Our profit margins on the camera hardware was extremely minimal and we made our money on the film and photofinishing.

I was thinking about the Digital photo industry ... and there is no film (yes there are storage cards but these are not one time use) or people have their own printing methods.

I am assuming profit margins are the Camera hardware have been set a lot higher now to compensate ?


----------



## ThePhotoRebellion (Feb 21, 2009)

From talking with the employees at my local _pro _camera shop, a lot of these companies are still making nice profits in photo refinishing. The company I'm talking about has 6-8 locations and a strong web presence.

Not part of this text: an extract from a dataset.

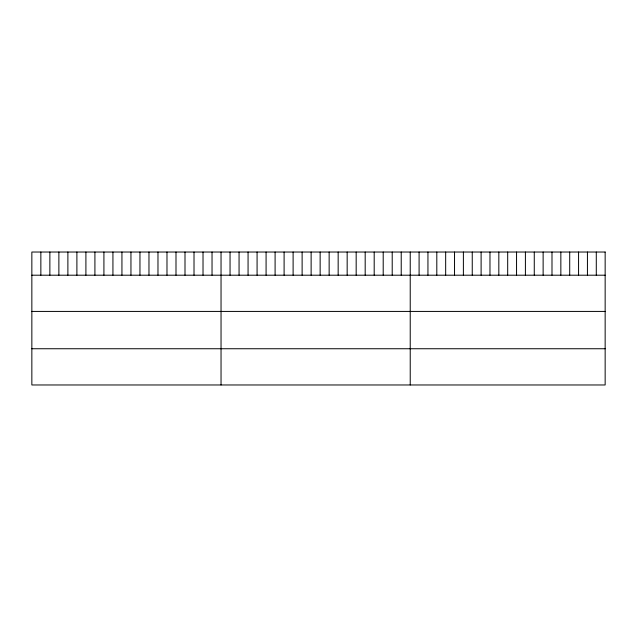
<?xml version="1.0" encoding="UTF-8"?>
<svg xmlns="http://www.w3.org/2000/svg" width="637" height="637" viewBox="0 0 637 637"><rect width="100%" height="100%" fill="white"/><g stroke="black" fill="none" stroke-linecap="round" stroke-linejoin="round"><path stroke-width="0.96" d="M31.85 275.2L605.15 275.2M31.85 311.421L605.15 311.421M31.85 348.742L605.15 348.742M596.288 252.029L596.288 275.2M587.433 252.029L587.433 275.2M578.571 252.029L578.571 275.2M569.709 252.029L569.709 275.2M560.847 252.029L560.847 275.2M551.992 252.029L551.992 275.2M543.13 252.029L543.13 275.2M534.268 252.029L534.268 275.2M525.406 252.029L525.406 275.2M516.551 252.029L516.551 275.2M507.689 252.029L507.689 275.2M498.827 252.029L498.827 275.2M489.972 252.029L489.972 275.2M481.11 252.029L481.11 275.2M472.248 252.029L472.248 275.2M463.386 252.029L463.386 275.2M454.531 252.029L454.531 275.2M445.669 252.029L445.669 275.2M436.807 252.029L436.807 275.2M427.945 252.029L427.945 275.2M419.09 252.029L419.09 275.2M410.228 252.029L410.228 384.971M401.222 252.029L401.222 275.2M392.209 252.029L392.209 275.2M383.203 252.029L383.203 275.2M374.19 252.029L374.19 275.2M365.184 252.029L365.184 275.2M356.171 252.029L356.171 275.2M347.165 252.029L347.165 275.2M338.159 252.029L338.159 275.2M329.146 252.029L329.146 275.2M320.14 252.029L320.14 275.2M311.127 252.029L311.127 275.2M302.121 252.029L302.121 275.2M293.108 252.029L293.108 275.2M284.102 252.029L284.102 275.2M275.096 252.029L275.096 275.2M266.083 252.029L266.083 275.2M257.077 252.029L257.077 275.2M248.064 252.029L248.064 275.2M239.058 252.029L239.058 275.2M230.045 252.029L230.045 275.2M221.039 252.029L221.039 384.971M212.033 252.029L212.033 275.2M203.02 252.029L203.02 275.2M194.014 252.029L194.014 275.2M185.001 252.029L185.001 275.2M175.995 252.029L175.995 275.2M166.982 252.029L166.982 275.2M157.976 252.029L157.976 275.2M148.97 252.029L148.97 275.2M139.957 252.029L139.957 275.2M130.951 252.029L130.951 275.2M121.938 252.029L121.938 275.2M112.932 252.029L112.932 275.2M103.919 252.029L103.919 275.2M94.913 252.029L94.913 275.2M85.907 252.029L85.907 275.2M76.894 252.029L76.894 275.2M67.888 252.029L67.888 275.2M58.875 252.029L58.875 275.2M49.869 252.029L49.869 275.2M40.856 252.029L40.856 275.2M605.15 252.029L31.85 252.029L31.85 384.971L605.15 384.971L605.15 252.029"/></g></svg>

I'm not sure of the profit margins on digital equipment but photographers, Pro and hobbyists, upgrade a lot sooner now than they did 10 years ago.


----------



## Big Mike (Feb 21, 2009)

A lot of the consumer labs seem to be doing poorly these days.  People used to buy film and then pay for processing and prints...which was pretty lucrative.  Now, it seems that very few people print their image.  It's more likely that they go onto the computer and get shared on Facebook or Myspace etc.  Heck, I know several people who have digital cameras and no computer at all...they just look at the images on the camera's screen.

I know that some companies have been trying hard to get people to print their images and use their disposable products.  This is one reason they have small photo printers and several that can print directly from the camera.  It seems to be a loosing battle though.  

I think the big money maker is small digital cameras.  It seems to me that people used to buy a 35mm film point & shoot camera and had it for 10+ years...never needing or wanting to upgrade.  It might have cost them $100 give or take.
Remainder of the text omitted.